TRY IT: A verbatim reproduction of the lines below, from the line containing "#40=EDGE_CURVE('E11',#39,#29,#37,.T.);" through the line containing "#106=LINE('',#105,#104);", both ends included, is the whole required output.
═════ MATERIAL PROVIDED
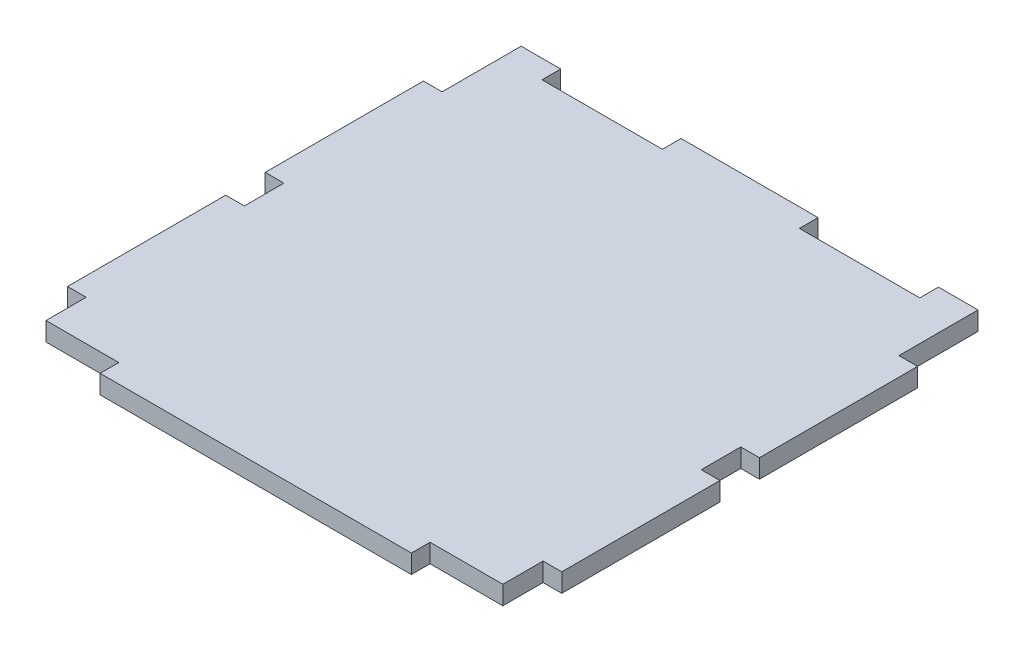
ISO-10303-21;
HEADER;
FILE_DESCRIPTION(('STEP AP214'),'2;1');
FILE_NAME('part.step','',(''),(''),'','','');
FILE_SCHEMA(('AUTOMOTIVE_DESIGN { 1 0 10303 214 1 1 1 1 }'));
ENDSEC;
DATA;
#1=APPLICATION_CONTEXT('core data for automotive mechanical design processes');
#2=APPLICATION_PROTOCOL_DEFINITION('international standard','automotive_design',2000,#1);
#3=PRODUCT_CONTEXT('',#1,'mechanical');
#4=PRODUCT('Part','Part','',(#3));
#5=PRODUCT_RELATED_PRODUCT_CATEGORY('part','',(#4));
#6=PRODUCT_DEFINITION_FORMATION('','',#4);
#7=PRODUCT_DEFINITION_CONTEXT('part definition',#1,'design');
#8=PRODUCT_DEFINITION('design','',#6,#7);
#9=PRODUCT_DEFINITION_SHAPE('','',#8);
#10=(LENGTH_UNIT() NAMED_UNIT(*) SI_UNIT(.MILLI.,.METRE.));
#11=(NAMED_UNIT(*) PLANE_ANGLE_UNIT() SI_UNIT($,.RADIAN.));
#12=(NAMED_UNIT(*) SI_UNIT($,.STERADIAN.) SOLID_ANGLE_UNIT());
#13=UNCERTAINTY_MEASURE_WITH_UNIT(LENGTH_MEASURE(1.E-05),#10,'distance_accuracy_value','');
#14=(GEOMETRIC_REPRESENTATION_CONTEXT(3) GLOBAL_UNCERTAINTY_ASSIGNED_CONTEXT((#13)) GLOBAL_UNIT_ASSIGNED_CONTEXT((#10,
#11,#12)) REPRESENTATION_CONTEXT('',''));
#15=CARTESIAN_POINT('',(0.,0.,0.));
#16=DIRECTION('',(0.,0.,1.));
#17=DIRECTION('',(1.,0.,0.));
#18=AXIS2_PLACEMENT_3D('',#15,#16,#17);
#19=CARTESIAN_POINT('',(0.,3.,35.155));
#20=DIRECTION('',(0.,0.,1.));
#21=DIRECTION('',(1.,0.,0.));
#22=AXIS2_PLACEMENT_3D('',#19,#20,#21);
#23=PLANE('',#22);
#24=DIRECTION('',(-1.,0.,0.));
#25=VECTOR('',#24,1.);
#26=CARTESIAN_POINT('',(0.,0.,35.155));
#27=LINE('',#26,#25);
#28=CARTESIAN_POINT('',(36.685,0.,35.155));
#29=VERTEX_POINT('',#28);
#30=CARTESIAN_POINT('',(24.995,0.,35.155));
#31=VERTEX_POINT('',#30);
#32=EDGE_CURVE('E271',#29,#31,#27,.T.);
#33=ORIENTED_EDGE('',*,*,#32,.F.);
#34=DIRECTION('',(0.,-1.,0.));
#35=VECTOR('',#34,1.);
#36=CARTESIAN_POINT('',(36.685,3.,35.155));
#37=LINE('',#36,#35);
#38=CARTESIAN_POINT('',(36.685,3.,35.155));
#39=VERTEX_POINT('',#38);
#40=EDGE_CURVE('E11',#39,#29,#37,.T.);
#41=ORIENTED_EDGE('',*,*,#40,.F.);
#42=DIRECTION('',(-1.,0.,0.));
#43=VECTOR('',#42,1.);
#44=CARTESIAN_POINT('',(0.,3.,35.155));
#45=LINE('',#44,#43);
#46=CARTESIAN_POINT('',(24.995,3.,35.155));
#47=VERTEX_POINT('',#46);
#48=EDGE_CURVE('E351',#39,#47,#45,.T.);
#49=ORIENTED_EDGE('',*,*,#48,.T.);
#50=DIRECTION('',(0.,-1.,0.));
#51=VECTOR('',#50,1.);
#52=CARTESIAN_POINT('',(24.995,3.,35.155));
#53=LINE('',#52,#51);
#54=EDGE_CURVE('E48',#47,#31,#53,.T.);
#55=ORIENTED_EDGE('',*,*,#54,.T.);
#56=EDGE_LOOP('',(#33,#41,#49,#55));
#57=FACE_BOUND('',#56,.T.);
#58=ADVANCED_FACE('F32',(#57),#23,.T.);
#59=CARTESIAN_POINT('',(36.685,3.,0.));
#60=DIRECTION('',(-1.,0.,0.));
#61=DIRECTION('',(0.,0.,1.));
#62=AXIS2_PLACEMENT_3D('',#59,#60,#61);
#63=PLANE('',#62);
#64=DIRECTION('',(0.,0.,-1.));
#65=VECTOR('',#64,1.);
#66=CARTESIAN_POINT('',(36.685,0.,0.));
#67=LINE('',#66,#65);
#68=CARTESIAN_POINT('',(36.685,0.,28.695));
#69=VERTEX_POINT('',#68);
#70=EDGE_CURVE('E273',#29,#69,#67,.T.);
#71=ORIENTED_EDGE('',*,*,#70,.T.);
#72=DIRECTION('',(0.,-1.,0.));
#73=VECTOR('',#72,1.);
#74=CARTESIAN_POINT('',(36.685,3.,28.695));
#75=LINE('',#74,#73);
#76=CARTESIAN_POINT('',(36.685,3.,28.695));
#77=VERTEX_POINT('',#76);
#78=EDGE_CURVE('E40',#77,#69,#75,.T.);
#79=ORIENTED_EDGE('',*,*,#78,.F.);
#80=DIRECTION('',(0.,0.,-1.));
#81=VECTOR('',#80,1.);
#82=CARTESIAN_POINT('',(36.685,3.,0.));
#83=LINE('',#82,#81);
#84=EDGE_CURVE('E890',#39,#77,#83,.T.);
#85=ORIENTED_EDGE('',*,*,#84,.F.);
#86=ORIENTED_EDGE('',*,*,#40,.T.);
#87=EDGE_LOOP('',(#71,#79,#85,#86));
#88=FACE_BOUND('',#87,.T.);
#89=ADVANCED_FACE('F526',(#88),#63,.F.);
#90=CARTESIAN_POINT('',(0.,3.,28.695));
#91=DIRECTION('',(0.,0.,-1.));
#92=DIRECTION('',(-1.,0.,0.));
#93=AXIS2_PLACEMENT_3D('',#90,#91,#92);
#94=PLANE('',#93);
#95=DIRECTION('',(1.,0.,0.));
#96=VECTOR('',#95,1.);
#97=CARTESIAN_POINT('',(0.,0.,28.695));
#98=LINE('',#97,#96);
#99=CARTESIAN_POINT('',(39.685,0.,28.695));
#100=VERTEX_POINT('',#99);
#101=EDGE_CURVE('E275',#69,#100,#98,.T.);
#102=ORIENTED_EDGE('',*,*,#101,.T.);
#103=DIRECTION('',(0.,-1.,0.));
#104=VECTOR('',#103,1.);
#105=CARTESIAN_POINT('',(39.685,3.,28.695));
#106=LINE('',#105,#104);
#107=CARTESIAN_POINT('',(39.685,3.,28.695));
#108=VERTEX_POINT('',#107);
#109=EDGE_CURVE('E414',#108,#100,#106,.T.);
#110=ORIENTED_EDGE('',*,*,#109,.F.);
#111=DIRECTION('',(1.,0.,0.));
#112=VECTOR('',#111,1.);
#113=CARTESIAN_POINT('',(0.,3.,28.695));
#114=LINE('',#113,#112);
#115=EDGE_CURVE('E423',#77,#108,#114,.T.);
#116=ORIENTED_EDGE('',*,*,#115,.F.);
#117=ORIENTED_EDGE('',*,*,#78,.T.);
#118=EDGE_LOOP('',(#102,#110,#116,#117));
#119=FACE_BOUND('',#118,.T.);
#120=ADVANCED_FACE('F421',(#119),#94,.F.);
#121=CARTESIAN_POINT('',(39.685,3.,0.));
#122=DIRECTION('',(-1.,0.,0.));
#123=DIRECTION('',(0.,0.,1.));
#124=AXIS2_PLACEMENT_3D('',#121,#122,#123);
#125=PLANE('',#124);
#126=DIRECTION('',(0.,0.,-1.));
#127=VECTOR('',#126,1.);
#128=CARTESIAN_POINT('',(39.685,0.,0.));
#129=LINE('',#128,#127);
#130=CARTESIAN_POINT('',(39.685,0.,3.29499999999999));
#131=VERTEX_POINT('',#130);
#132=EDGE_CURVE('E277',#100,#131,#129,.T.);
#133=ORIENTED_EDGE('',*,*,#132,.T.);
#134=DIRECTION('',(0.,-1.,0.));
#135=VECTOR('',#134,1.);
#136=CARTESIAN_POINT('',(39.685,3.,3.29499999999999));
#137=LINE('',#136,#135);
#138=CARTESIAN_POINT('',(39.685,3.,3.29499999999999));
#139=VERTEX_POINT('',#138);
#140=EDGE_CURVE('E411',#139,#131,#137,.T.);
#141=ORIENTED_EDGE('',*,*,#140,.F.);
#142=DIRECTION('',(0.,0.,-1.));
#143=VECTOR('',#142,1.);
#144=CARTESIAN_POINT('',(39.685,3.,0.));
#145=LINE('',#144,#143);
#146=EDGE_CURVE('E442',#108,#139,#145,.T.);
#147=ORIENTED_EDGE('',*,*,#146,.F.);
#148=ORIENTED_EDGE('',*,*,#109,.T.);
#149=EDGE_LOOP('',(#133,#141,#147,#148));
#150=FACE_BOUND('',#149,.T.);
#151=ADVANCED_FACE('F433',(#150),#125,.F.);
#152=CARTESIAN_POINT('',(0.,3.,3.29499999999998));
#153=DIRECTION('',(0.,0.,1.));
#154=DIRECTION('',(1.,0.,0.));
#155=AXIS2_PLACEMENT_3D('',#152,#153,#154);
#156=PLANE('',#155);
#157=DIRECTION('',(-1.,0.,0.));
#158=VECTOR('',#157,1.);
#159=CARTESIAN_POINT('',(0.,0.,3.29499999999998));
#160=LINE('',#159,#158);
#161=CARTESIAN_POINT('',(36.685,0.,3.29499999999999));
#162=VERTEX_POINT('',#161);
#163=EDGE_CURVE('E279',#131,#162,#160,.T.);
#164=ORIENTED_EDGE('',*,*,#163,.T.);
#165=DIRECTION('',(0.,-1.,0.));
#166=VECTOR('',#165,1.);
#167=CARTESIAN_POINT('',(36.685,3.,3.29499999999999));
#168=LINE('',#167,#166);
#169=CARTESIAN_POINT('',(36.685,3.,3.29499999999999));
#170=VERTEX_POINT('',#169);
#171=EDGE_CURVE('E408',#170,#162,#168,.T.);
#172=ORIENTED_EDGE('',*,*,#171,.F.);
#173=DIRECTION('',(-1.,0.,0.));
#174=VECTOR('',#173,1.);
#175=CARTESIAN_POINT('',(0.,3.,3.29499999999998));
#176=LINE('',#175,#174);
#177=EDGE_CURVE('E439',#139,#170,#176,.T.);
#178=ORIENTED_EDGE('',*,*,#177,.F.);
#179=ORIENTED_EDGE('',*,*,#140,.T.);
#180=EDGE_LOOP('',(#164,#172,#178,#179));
══════════
YOUR RESPONSE:
#40=EDGE_CURVE('E11',#39,#29,#37,.T.);
#41=ORIENTED_EDGE('',*,*,#40,.F.);
#42=DIRECTION('',(-1.,0.,0.));
#43=VECTOR('',#42,1.);
#44=CARTESIAN_POINT('',(0.,3.,35.155));
#45=LINE('',#44,#43);
#46=CARTESIAN_POINT('',(24.995,3.,35.155));
#47=VERTEX_POINT('',#46);
#48=EDGE_CURVE('E351',#39,#47,#45,.T.);
#49=ORIENTED_EDGE('',*,*,#48,.T.);
#50=DIRECTION('',(0.,-1.,0.));
#51=VECTOR('',#50,1.);
#52=CARTESIAN_POINT('',(24.995,3.,35.155));
#53=LINE('',#52,#51);
#54=EDGE_CURVE('E48',#47,#31,#53,.T.);
#55=ORIENTED_EDGE('',*,*,#54,.T.);
#56=EDGE_LOOP('',(#33,#41,#49,#55));
#57=FACE_BOUND('',#56,.T.);
#58=ADVANCED_FACE('F32',(#57),#23,.T.);
#59=CARTESIAN_POINT('',(36.685,3.,0.));
#60=DIRECTION('',(-1.,0.,0.));
#61=DIRECTION('',(0.,0.,1.));
#62=AXIS2_PLACEMENT_3D('',#59,#60,#61);
#63=PLANE('',#62);
#64=DIRECTION('',(0.,0.,-1.));
#65=VECTOR('',#64,1.);
#66=CARTESIAN_POINT('',(36.685,0.,0.));
#67=LINE('',#66,#65);
#68=CARTESIAN_POINT('',(36.685,0.,28.695));
#69=VERTEX_POINT('',#68);
#70=EDGE_CURVE('E273',#29,#69,#67,.T.);
#71=ORIENTED_EDGE('',*,*,#70,.T.);
#72=DIRECTION('',(0.,-1.,0.));
#73=VECTOR('',#72,1.);
#74=CARTESIAN_POINT('',(36.685,3.,28.695));
#75=LINE('',#74,#73);
#76=CARTESIAN_POINT('',(36.685,3.,28.695));
#77=VERTEX_POINT('',#76);
#78=EDGE_CURVE('E40',#77,#69,#75,.T.);
#79=ORIENTED_EDGE('',*,*,#78,.F.);
#80=DIRECTION('',(0.,0.,-1.));
#81=VECTOR('',#80,1.);
#82=CARTESIAN_POINT('',(36.685,3.,0.));
#83=LINE('',#82,#81);
#84=EDGE_CURVE('E890',#39,#77,#83,.T.);
#85=ORIENTED_EDGE('',*,*,#84,.F.);
#86=ORIENTED_EDGE('',*,*,#40,.T.);
#87=EDGE_LOOP('',(#71,#79,#85,#86));
#88=FACE_BOUND('',#87,.T.);
#89=ADVANCED_FACE('F526',(#88),#63,.F.);
#90=CARTESIAN_POINT('',(0.,3.,28.695));
#91=DIRECTION('',(0.,0.,-1.));
#92=DIRECTION('',(-1.,0.,0.));
#93=AXIS2_PLACEMENT_3D('',#90,#91,#92);
#94=PLANE('',#93);
#95=DIRECTION('',(1.,0.,0.));
#96=VECTOR('',#95,1.);
#97=CARTESIAN_POINT('',(0.,0.,28.695));
#98=LINE('',#97,#96);
#99=CARTESIAN_POINT('',(39.685,0.,28.695));
#100=VERTEX_POINT('',#99);
#101=EDGE_CURVE('E275',#69,#100,#98,.T.);
#102=ORIENTED_EDGE('',*,*,#101,.T.);
#103=DIRECTION('',(0.,-1.,0.));
#104=VECTOR('',#103,1.);
#105=CARTESIAN_POINT('',(39.685,3.,28.695));
#106=LINE('',#105,#104);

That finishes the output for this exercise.